#### [What is expected]
Give again, word for word, every line below from the one that has "108.5v3.5M67.6 112v3.6M67.6 101.3h5.3M67.6" through the one that has "128h16M92.5 126.2h16M92.5 124.5h16M92.5", both included, and no others.

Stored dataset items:
BEGIN
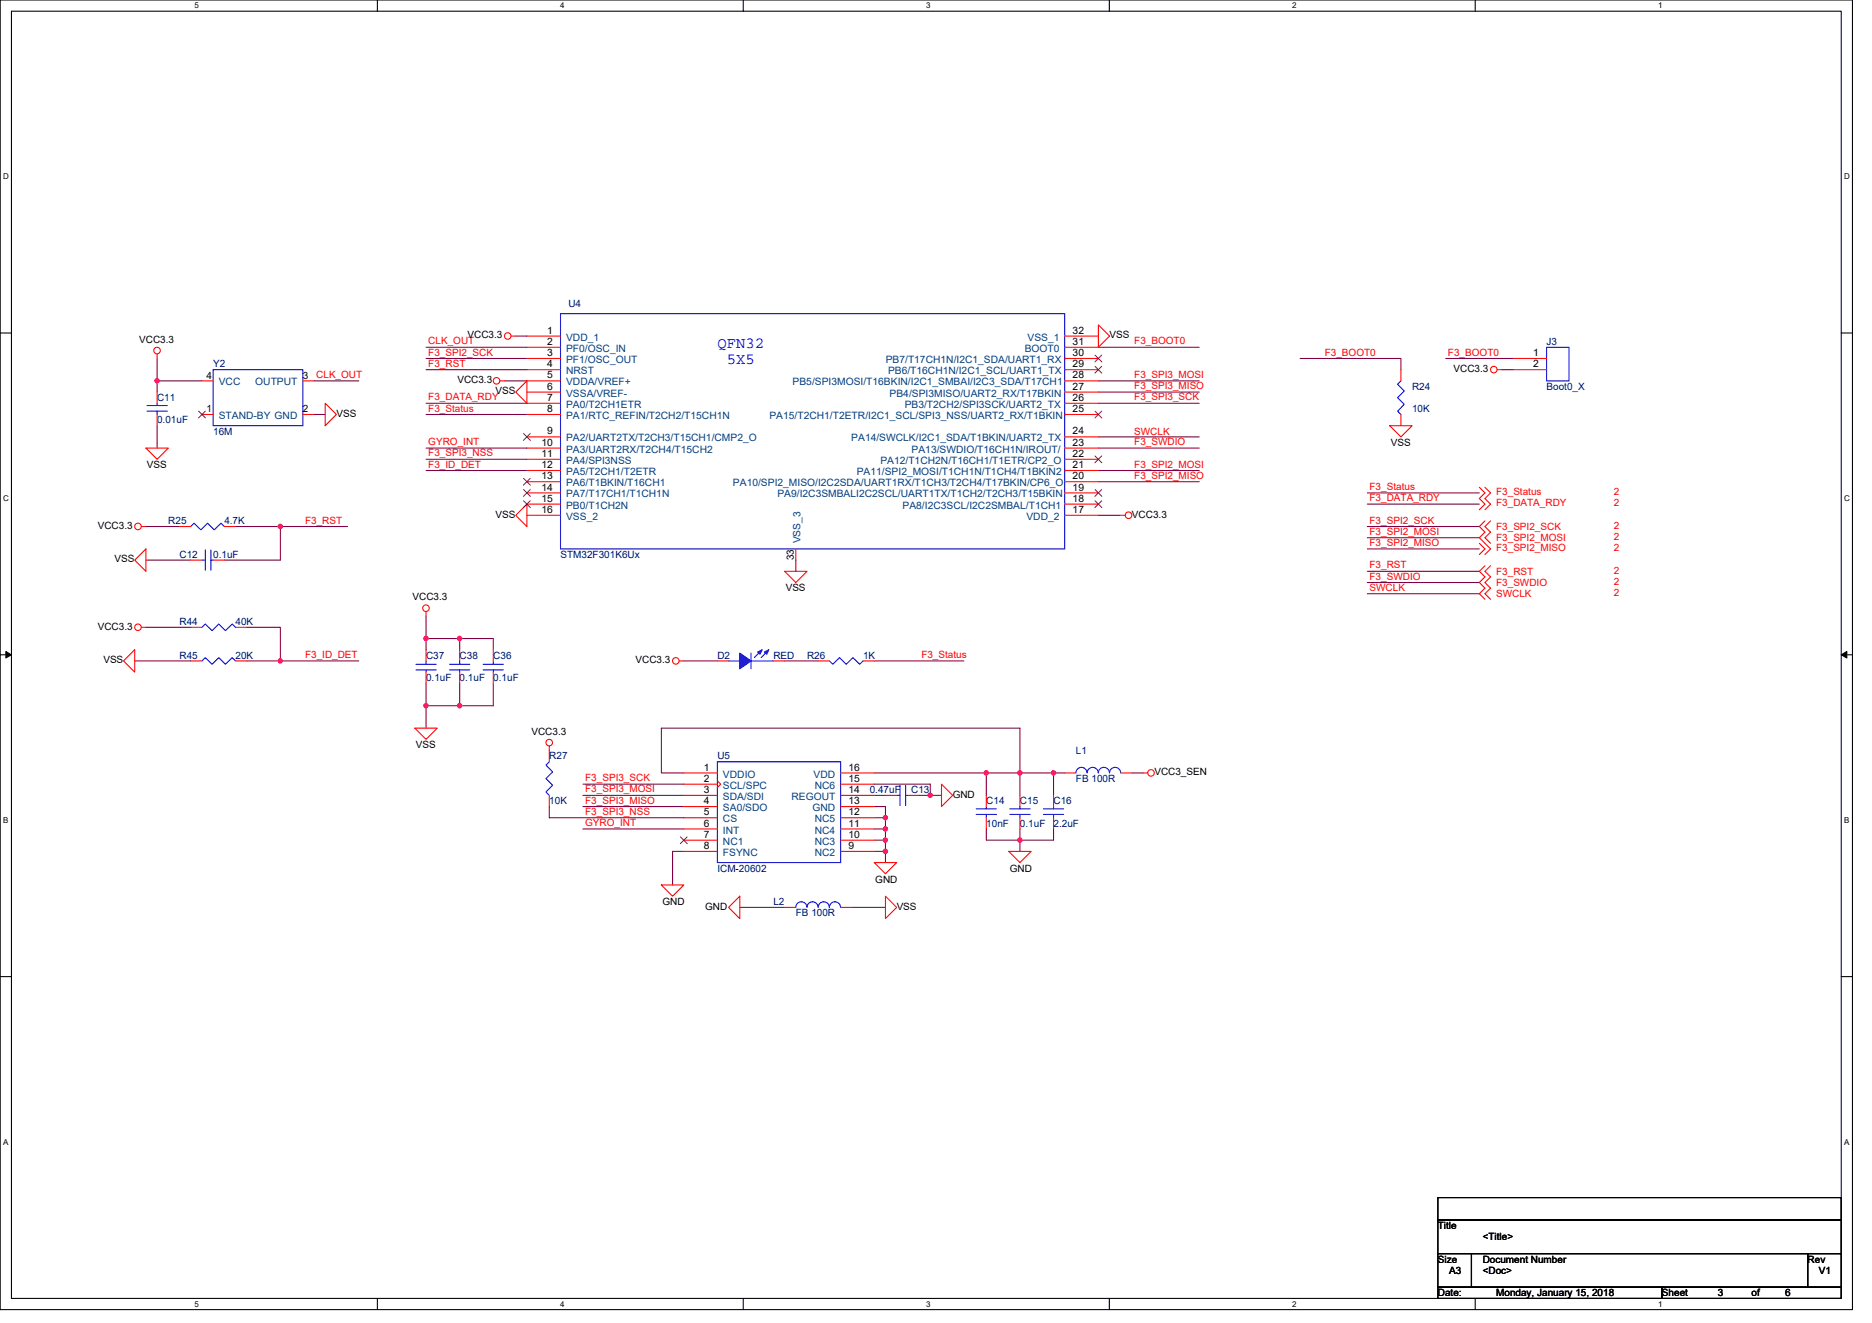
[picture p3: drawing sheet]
<svg xmlns="http://www.w3.org/2000/svg" width="297mm" height="210mm" viewBox="0 0 297 210" stroke-linecap="round" stroke-linejoin="round" font-family="sans-serif">
<path d="M0 0h293.9v207.9h-293.9zM1.8 1.8h290.4v204.3h-290.4z" fill="none" stroke="#000" stroke-width=".17"/>
<g fill="#fff">
<path d="M30.8 .2h.7v1.4h-.7z"/>
<path d="M30.8 206.3h.7v1.4h-.7z"/>
</g>
<path d="M59.9 0v1.8M59.9 206.1v1.8" fill="none" stroke="#000" stroke-width=".17"/>
<g fill="#fff">
<path d="M88.9 .2h.7v1.4h-.7z"/>
<path d="M88.9 206.3h.7v1.4h-.7z"/>
</g>
<path d="M117.9 0v1.8M117.9 206.1v1.8" fill="none" stroke="#000" stroke-width=".17"/>
<g fill="#fff">
<path d="M147 .2h.7v1.4h-.7z"/>
<path d="M147 206.3h.7v1.4h-.7z"/>
</g>
<path d="M176 0v1.8M176 206.1v1.8" fill="none" stroke="#000" stroke-width=".17"/>
<g fill="#fff">
<path d="M205 .2h.7v1.4h-.7z"/>
<path d="M205 206.3h.7v1.4h-.7z"/>
</g>
<path d="M234.1 0v1.8M234.1 206.1v1.8" fill="none" stroke="#000" stroke-width=".17"/>
<g fill="#fff">
<path d="M263.1 .2h.7v1.4h-.7z"/>
<path d="M263.1 206.3h.7v1.4h-.7z"/>
<path d="M.5 27.3h.9v1.4h-.9z"/>
<path d="M292.6 27.3h.9v1.4h-.9z"/>
<path d="M.5 78.4h.9v1.4h-.9z"/>
<path d="M292.6 78.4h.9v1.4h-.9z"/>
</g>
<path d="M0 52.9h1.8M292.2 52.9h1.7" fill="none" stroke="#000" stroke-width=".17"/>
<g fill="#fff">
<path d="M.5 129.5h.8v1.4h-.8z"/>
<path d="M292.6 129.5h.9v1.4h-.9z"/>
</g>
<path d="M0 103.9h1.8M292.2 103.9h1.7" fill="none" stroke="#000" stroke-width=".17"/>
<path d="M.9 103.4l.9 .5-.9 .5zM292.2 103.9l.8-.5v1z" fill="#000" stroke="#000" stroke-width=".16"/>
<g fill="#fff">
<path d="M.5 180.5h.8v1.4h-.8z"/>
<path d="M292.6 180.5h.9v1.4h-.9z"/>
</g>
<path d="M0 155h1.8M292.2 155h1.7M228.2 190.1h64v3.5h-64zM228.2 193.6h64v5.4h-64zM228.2 199h5.3v5.3h-5.3zM233.5 199h53.3v5.3h-53.3zM286.8 199h5.4v5.3h-5.4zM228.2 204.3h35.5v1.8h-35.5zM263.7 204.3h28.5v1.8h-28.5z" fill="none" stroke="#000" stroke-width=".17"/>
<g fill="none" stroke="#800040" stroke-width=".17">
<path d="M24.9 56.9v3.6M67.6 55.1h16M67.6 56.9h16M67.6 58.7h16M81.8 53.3h1.8M174.3 55.1h16M206.3 56.9h16v1.8M229.4 56.9h10.7M238.3 58.7h1.8M24.9 60.5h7.1M24.9 60.5v1.7M24.9 67.6v3.5"/>
<path d="M49.8 65.8h1.8M49.8 60.5h7.1M67.6 64h16M67.6 65.8h16M67.6 71.1h16M67.6 72.9h16M67.6 74.7h16M80 60.5h3.6M174.3 60.5h16M174.3 62.2h16M174.3 64h16M174.3 69.3h16"/>
<path d="M174.3 74.7h16M174.3 76.5h16M174.3 71.1h16M217 78.2h17.7M23.2 83.6h5.3M23.2 88.9h7.1M23.2 99.6h7.1M37.4 83.6h7.1M39.2 99.6h5.3v5.3h12.4M44.5 83.6h10.7M44.5 83.6v5.3h-8.9M67.6 97.8v3.5"/>
<path d="M126.3 88.9v1.8M174.3 81.8h3.5M217 85.3h17.7M217 87.1h17.7M217 80h17.7M217 83.6h17.7M217 90.7h17.7M217 92.5h17.7M217 94.2h17.7M21.4 104.9h8.9M39.2 104.9h5.3M67.6 112h5.3"/>
<path d="M67.6 108.5v3.5M67.6 112v3.6M67.6 101.3h5.3M67.6 101.3v1.8M72.9 101.3h5.4v1.8M72.9 108.5v3.5M72.9 101.3v1.8M78.3 108.5v3.5h-5.4M108.5 104.9h5.3M124.5 104.9h5.3M138.7 104.9h14.2M87.2 128v1.8h21.3"/>
<path d="M92.5 128h16M92.5 126.2h16M92.5 124.5h16M92.5 131.6h16M108.5 122.7h-3.6v-7.1h56.9v7.1M108.5 135.1h-1.8v5.4M138.7 126.2h1.8M138.7 128h1.8v1.8M138.7 135.1h1.8M138.7 129.8h1.8M138.7 131.6h1.8M138.7 133.4h1.8"/>
<path d="M138.7 124.5h8.9v1.7M138.7 122.7h17.8M140.5 135.1v1.8M140.5 129.8v1.8M140.5 131.6v1.8M140.5 133.4v1.7M145.8 126.2h1.8M147.6 126.2h1.8M156.5 122.7h5.3M156.5 131.6v1.7h10.7v-1.7M156.5 122.7v3.5M161.8 122.7h5.4"/>
<path d="M161.8 122.7v3.5M161.8 131.6v3.5M167.2 122.7h1.7M167.2 122.7v3.5M179.6 122.7h1.8M117.4 144h7.1M135.2 144h5.3"/>
</g>
<g fill="#f0f" stroke="#f0f" stroke-width=".17">
<circle cx="24.9" cy="60.4" r=".35"/>
<circle cx="44.5" cy="83.6" r=".35"/>
<circle cx="147.6" cy="126.2" r=".35"/>
<circle cx="167.2" cy="122.7" r=".35"/>
<circle cx="161.8" cy="122.7" r=".35"/>
<circle cx="156.5" cy="122.7" r=".35"/>
<circle cx="161.8" cy="133.3" r=".35"/>
<circle cx="140.5" cy="135.1" r=".35"/>
<circle cx="140.5" cy="131.6" r=".35"/>
<circle cx="140.5" cy="129.8" r=".35"/>
<circle cx="140.5" cy="133.3" r=".35"/>
<circle cx="67.6" cy="112" r=".35"/>
<circle cx="72.9" cy="112" r=".35"/>
<circle cx="67.6" cy="101.3" r=".35"/>
<circle cx="72.9" cy="101.3" r=".35"/>
<circle cx="44.5" cy="104.9" r=".35"/>
</g>
<g fill="none" stroke="#f00" stroke-width=".17">
<path d="M24.9 56.2v.7M81.1 53.3h.7M83.6 53.3h5.3M83.6 55.1h5.3M83.6 56.9h5.3M83.6 58.7h5.3M168.9 58.7h5.4M168.9 56.9h5.4M168.9 55.1h5.4M168.9 53.3h5.4M174.3 51.6l1.8 1.7-1.8 1.8zM222.3 58.7v1.8"/>
<path d="M237.6 58.7h.7M240.1 56.9h5.3M240.1 58.7h5.3M23.2 71.1h3.5l-1.8 1.8zM24.9 62.2v1.8M24.9 65.8v1.8M32 60.5h1.8M32 65.8h1.8M48 60.5h1.8M48 65.8h1.8M51.6 64l1.8 1.8-1.8 1.8zM79.3 60.5h.7"/>
<path d="M83.6 60.5h5.3M83.6 62.2h5.3M83.6 64h5.3M83.6 65.8h5.3M83.6 69.3h5.3M83.6 71.1h5.3M83.6 72.9h5.3M83.6 74.7h5.3M83.6 76.5h5.3M83.6 78.2h5.3M83.6 60.5v3.5l-1.8-1.8zM168.9 78.2h5.4"/>
<path d="M168.9 76.5h5.4M168.9 74.7h5.4M168.9 72.9h5.4M168.9 71.1h5.4M168.9 69.3h5.4M168.9 65.8h5.4M168.9 64h5.4M168.9 62.2h5.4M168.9 60.5h5.4M220.5 67.6h3.6l-1.8 1.7zM222.3 65.8v1.8M234.7 77.3l.9 .9-.9 .9 .9 .9-.9 .9"/>
<path d="M235.6 77.3l.9 .9-.9 .9 .9 .9-.9 .9M22.4 83.6h.8M22.4 99.6h.8M23.2 87.1v3.6l-1.8-1.8zM28.5 83.6h1.8M30.3 88.9h1.7M30.3 99.6h1.7M33.8 88.9h1.8M35.6 83.6h1.8M37.4 99.6h1.8M67.6 97.1v.7M83.6 80h5.3"/>
<path d="M83.6 81.8h5.3M83.6 80v3.6l-1.8-1.8zM124.5 90.7h3.6l-1.8 1.8zM126.3 87.1v1.8M168.9 81.8h5.4M168.9 80h5.4M177.8 81.8h.8M234.7 86.2l.9 .9-.9 .9M235.6 82.7l-.9 .9 .9 .9-.9 .8 1.8 1.8-.9 .9M235.6 89.8l-.9 .9 .9 .9-.9 .9 .9 .8-.9 .9 .9 .9M236.5 82.7l-.9 .9 .9 .9-.9 .8 .9 .9M236.5 89.8l-.9 .9 .9 .9-.9 .9 .9 .8-.9 .9 .9 .9"/>
<path d="M21.4 103.1v3.6l-1.8-1.8zM30.3 104.9h1.7M37.4 104.9h1.8M65.8 115.6h3.6l-1.8 1.7zM67.6 106.7v1.8M67.6 103.1v1.8M72.9 106.7v1.8M72.9 103.1v1.8M78.3 106.7v1.8M78.3 103.1v1.8M87.2 118.4v2.5M107.8 104.9h.7"/>
<path d="M113.8 104.9h1.8M122.7 104.9h1.8M129.8 104.9h1.8M136.9 104.9h1.8M87.2 126.2v1.8M108.5 122.7h5.3M108.5 124.5h5.3M108.5 131.6h5.3M108.5 135.1h5.3M108.5 133.3h5.3M108.5 126.2h5.3M108.5 128h5.3"/>
<path d="M108.5 129.8h5.3M113.8 123.9l.6 .6-.6 .5M133.4 129.8h5.3M133.4 133.3h5.3M133.4 131.6h5.3M133.4 128h5.3M133.4 135.1h5.3M133.4 122.7h5.3M133.4 126.2h5.3M133.4 124.5h5.3M138.7 136.9h3.6l-1.8 1.8zM140.5 126.2h1.8"/>
<path d="M144.1 126.2h1.7M149.4 124.5l1.8 1.7-1.8 1.8zM156.5 126.2v1.8M156.5 129.8v1.8M160.1 135.1h3.5l-1.8 1.8zM161.8 126.2v1.8M161.8 129.8v1.8M167.2 126.2v1.8M167.2 129.8v1.8M168.9 122.7h1.8M177.8 122.7h1.8M181.4 122.7h.7"/>
<path d="M104.9 140.5h3.6l-1.8 1.7zM117.4 142.2v3.6l-1.8-1.8zM124.5 144h1.8M133.4 144h1.8M140.5 142.2l1.8 1.8-1.8 1.8z"/>
<circle cx="24.9" cy="55.6" r=".52"/>
<circle cx="80.6" cy="53.3" r=".52"/>
<circle cx="237" cy="58.7" r=".52"/>
<circle cx="78.8" cy="60.4" r=".52"/>
<circle cx="21.9" cy="83.6" r=".52"/>
<circle cx="21.9" cy="99.6" r=".52"/>
<circle cx="67.6" cy="96.5" r=".52"/>
<circle cx="179.1" cy="81.8" r=".52"/>
<circle cx="87.1" cy="117.9" r=".52"/>
<circle cx="107.2" cy="104.9" r=".52"/>
<circle cx="182.6" cy="122.7" r=".52"/>
</g>
<g fill="none" stroke="#00f" stroke-width=".17">
<path d="M33.8 58.7h14.2v8.9h-14.2zM88.9 49.8h80v37.3h-80zM245.4 55.1h3.6v5.4h-3.6zM23.3 65.3h3.2M23.3 64.4h3.2M24.9 64v.4M24.9 65.3v.5M222.3 60.5l-.5 .5 1 1.1-1 1 1 1.1-1 1.1 .5 .5M30.3 83.6l.5-.6 1.1 1.1 1-1.1 1.1 1.1 1.1-1.1 .5 .6M32 88.9h.6M32 99.6l.6-.6 1.1 1.1 1-1.1 1.1 1.1 1-1.1 .6 .6M32.6 87.3v3.2"/>
<path d="M33.5 87.3v3.2M33.5 88.9h.3M32 104.9l.6-.5 1.1 1 1-1 1.1 1 1-1 .6 .5M66 105.4h3.2M66 106.3h3.2M67.6 106.3v.4M67.6 104.9v.5M71.3 105.4h3.2M71.3 106.3h3.2M72.9 106.3v.4M72.9 104.9v.5M76.7 105.4h3.2"/>
<path d="M76.7 106.3h3.2M78.3 106.3v.4M78.3 104.9v.5M115.6 104.9h1.8M119.2 103.7v2.5M119.2 104.9h3.5M120.8 103.3l-1.1 1.1M121.8 103.3l-1 1.1M131.6 104.9l.5 .5 1.1-1 1.1 1 1-1 1.1 1 .5-.5M87.2 120.9l-.6 .5 1.1 1.1-1.1 1.1 1.1 1-1.1 1.1 .6 .5M113.8 120.9h19.6v16h-19.6zM142.3 126.2h.5"/>
<path d="M142.8 124.6v3.2M143.7 124.6v3.2M143.7 126.2h.4M154.9 129.3h3.2M154.9 128.4h3.2M156.5 128v.4M156.5 129.3v.5M160.2 129.3h3.2M160.2 128.4h3.2M161.8 128v.4M161.8 129.3v.5M165.6 129.3h3.2"/>
<path d="M165.6 128.4h3.2M167.2 128v.4M167.2 129.3v.5M172.5 122.7a.88 .88 0 0 0-.9-.9 .88 .88 0 0 0-.9 .9M177.8 122.7a.89 .89 0 0 0-.9-.9 .89 .89 0 0 0-.9 .9 .89 .89 0 0 0-.8-.9 .89 .89 0 0 0-.9 .9 .88 .88 0 0 0-.9-.9 .88 .88 0 0 0-.9 .9M129.8 144a.89 .89 0 0 0-.9-.9 .89 .89 0 0 0-.9 .9 .88 .88 0 0 0-.8-.9 .88 .88 0 0 0-.9 .9M131.6 144a.88 .88 0 0 0-.9-.9 .88 .88 0 0 0-.9 .9M133.4 144a.88 .88 0 0 0-.9-.9 .88 .88 0 0 0-.9 .9"/>
</g>
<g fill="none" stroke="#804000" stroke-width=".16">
END
#### [Response to this exercise]
<path d="M67.6 108.5v3.5M67.6 112v3.6M67.6 101.3h5.3M67.6 101.3v1.8M72.9 101.3h5.4v1.8M72.9 108.5v3.5M72.9 101.3v1.8M78.3 108.5v3.5h-5.4M108.5 104.9h5.3M124.5 104.9h5.3M138.7 104.9h14.2M87.2 128v1.8h21.3"/>
<path d="M92.5 128h16M92.5 126.2h16M92.5 124.5h16M92.5 131.6h16M108.5 122.7h-3.6v-7.1h56.9v7.1M108.5 135.1h-1.8v5.4M138.7 126.2h1.8M138.7 128h1.8v1.8M138.7 135.1h1.8M138.7 129.8h1.8M138.7 131.6h1.8M138.7 133.4h1.8"/>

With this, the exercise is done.